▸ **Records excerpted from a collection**
•••

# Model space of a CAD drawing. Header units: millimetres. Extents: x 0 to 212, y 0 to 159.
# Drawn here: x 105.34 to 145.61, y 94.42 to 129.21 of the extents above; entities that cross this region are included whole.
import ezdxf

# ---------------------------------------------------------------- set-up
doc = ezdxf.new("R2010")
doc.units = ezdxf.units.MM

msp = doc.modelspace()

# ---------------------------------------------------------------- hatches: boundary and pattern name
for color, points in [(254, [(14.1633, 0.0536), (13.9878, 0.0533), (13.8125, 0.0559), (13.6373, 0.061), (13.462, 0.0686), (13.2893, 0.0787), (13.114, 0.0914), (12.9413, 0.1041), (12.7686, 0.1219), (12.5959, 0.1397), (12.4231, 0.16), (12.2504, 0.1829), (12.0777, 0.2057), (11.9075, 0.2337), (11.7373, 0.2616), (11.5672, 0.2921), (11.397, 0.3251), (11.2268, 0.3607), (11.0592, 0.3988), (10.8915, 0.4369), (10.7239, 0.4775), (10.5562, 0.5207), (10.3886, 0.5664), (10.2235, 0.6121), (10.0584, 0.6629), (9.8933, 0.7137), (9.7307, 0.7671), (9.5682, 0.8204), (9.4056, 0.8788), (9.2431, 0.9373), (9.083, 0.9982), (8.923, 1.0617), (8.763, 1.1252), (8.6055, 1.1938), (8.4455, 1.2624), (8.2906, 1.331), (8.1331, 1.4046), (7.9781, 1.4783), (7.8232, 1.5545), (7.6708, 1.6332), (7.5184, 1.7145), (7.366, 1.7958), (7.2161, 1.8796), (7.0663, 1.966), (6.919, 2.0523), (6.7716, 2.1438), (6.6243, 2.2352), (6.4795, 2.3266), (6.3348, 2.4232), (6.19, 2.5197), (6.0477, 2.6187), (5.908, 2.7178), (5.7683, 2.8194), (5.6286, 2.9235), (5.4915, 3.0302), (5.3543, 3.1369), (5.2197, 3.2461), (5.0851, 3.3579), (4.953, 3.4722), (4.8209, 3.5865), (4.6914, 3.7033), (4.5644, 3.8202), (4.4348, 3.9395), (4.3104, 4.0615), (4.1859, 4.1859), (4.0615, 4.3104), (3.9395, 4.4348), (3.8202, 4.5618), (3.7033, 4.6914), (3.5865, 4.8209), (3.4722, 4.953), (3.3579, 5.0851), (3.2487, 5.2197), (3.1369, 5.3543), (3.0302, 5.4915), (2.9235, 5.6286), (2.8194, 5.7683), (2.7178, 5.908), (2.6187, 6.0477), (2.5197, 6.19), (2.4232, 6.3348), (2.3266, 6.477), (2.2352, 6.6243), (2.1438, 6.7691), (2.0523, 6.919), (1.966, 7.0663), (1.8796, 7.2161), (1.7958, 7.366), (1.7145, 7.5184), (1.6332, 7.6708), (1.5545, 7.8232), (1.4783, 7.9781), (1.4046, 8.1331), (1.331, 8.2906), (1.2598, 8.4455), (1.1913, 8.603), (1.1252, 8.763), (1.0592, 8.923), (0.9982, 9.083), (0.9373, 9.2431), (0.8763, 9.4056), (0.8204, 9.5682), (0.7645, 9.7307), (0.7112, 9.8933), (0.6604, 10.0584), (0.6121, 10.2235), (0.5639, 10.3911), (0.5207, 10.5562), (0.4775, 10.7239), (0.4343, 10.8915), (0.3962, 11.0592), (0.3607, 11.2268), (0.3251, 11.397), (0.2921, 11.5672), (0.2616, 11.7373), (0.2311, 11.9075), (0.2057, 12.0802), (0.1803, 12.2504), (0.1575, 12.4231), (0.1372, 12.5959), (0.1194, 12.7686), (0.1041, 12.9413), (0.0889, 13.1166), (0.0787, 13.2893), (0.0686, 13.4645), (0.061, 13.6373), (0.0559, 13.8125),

•••

▸ **Aim of the task**
Every entry shown earlier is to be returned exactly, line for line.

▸ **Solution for this problem**
# Model space of a CAD drawing. Header units: millimetres. Extents: x 0 to 212, y 0 to 159.
# Drawn here: x 105.34 to 145.61, y 94.42 to 129.21 of the extents above; entities that cross this region are included whole.
import ezdxf

# ---------------------------------------------------------------- set-up
doc = ezdxf.new("R2010")
doc.units = ezdxf.units.MM

msp = doc.modelspace()

# ---------------------------------------------------------------- hatches: boundary and pattern name
for color, points in [(254, [(14.1633, 0.0536), (13.9878, 0.0533), (13.8125, 0.0559), (13.6373, 0.061), (13.462, 0.0686), (13.2893, 0.0787), (13.114, 0.0914), (12.9413, 0.1041), (12.7686, 0.1219), (12.5959, 0.1397), (12.4231, 0.16), (12.2504, 0.1829), (12.0777, 0.2057), (11.9075, 0.2337), (11.7373, 0.2616), (11.5672, 0.2921), (11.397, 0.3251), (11.2268, 0.3607), (11.0592, 0.3988), (10.8915, 0.4369), (10.7239, 0.4775), (10.5562, 0.5207), (10.3886, 0.5664), (10.2235, 0.6121), (10.0584, 0.6629), (9.8933, 0.7137), (9.7307, 0.7671), (9.5682, 0.8204), (9.4056, 0.8788), (9.2431, 0.9373), (9.083, 0.9982), (8.923, 1.0617), (8.763, 1.1252), (8.6055, 1.1938), (8.4455, 1.2624), (8.2906, 1.331), (8.1331, 1.4046), (7.9781, 1.4783), (7.8232, 1.5545), (7.6708, 1.6332), (7.5184, 1.7145), (7.366, 1.7958), (7.2161, 1.8796), (7.0663, 1.966), (6.919, 2.0523), (6.7716, 2.1438), (6.6243, 2.2352), (6.4795, 2.3266), (6.3348, 2.4232), (6.19, 2.5197), (6.0477, 2.6187), (5.908, 2.7178), (5.7683, 2.8194), (5.6286, 2.9235), (5.4915, 3.0302), (5.3543, 3.1369), (5.2197, 3.2461), (5.0851, 3.3579), (4.953, 3.4722), (4.8209, 3.5865), (4.6914, 3.7033), (4.5644, 3.8202), (4.4348, 3.9395), (4.3104, 4.0615), (4.1859, 4.1859), (4.0615, 4.3104), (3.9395, 4.4348), (3.8202, 4.5618), (3.7033, 4.6914), (3.5865, 4.8209), (3.4722, 4.953), (3.3579, 5.0851), (3.2487, 5.2197), (3.1369, 5.3543), (3.0302, 5.4915), (2.9235, 5.6286), (2.8194, 5.7683), (2.7178, 5.908), (2.6187, 6.0477), (2.5197, 6.19), (2.4232, 6.3348), (2.3266, 6.477), (2.2352, 6.6243), (2.1438, 6.7691), (2.0523, 6.919), (1.966, 7.0663), (1.8796, 7.2161), (1.7958, 7.366), (1.7145, 7.5184), (1.6332, 7.6708), (1.5545, 7.8232), (1.4783, 7.9781), (1.4046, 8.1331), (1.331, 8.2906), (1.2598, 8.4455), (1.1913, 8.603), (1.1252, 8.763), (1.0592, 8.923), (0.9982, 9.083), (0.9373, 9.2431), (0.8763, 9.4056), (0.8204, 9.5682), (0.7645, 9.7307), (0.7112, 9.8933), (0.6604, 10.0584), (0.6121, 10.2235), (0.5639, 10.3911), (0.5207, 10.5562), (0.4775, 10.7239), (0.4343, 10.8915), (0.3962, 11.0592), (0.3607, 11.2268), (0.3251, 11.397), (0.2921, 11.5672), (0.2616, 11.7373), (0.2311, 11.9075), (0.2057, 12.0802), (0.1803, 12.2504), (0.1575, 12.4231), (0.1372, 12.5959), (0.1194, 12.7686), (0.1041, 12.9413), (0.0889, 13.1166), (0.0787, 13.2893), (0.0686, 13.4645), (0.061, 13.6373), (0.0559, 13.8125),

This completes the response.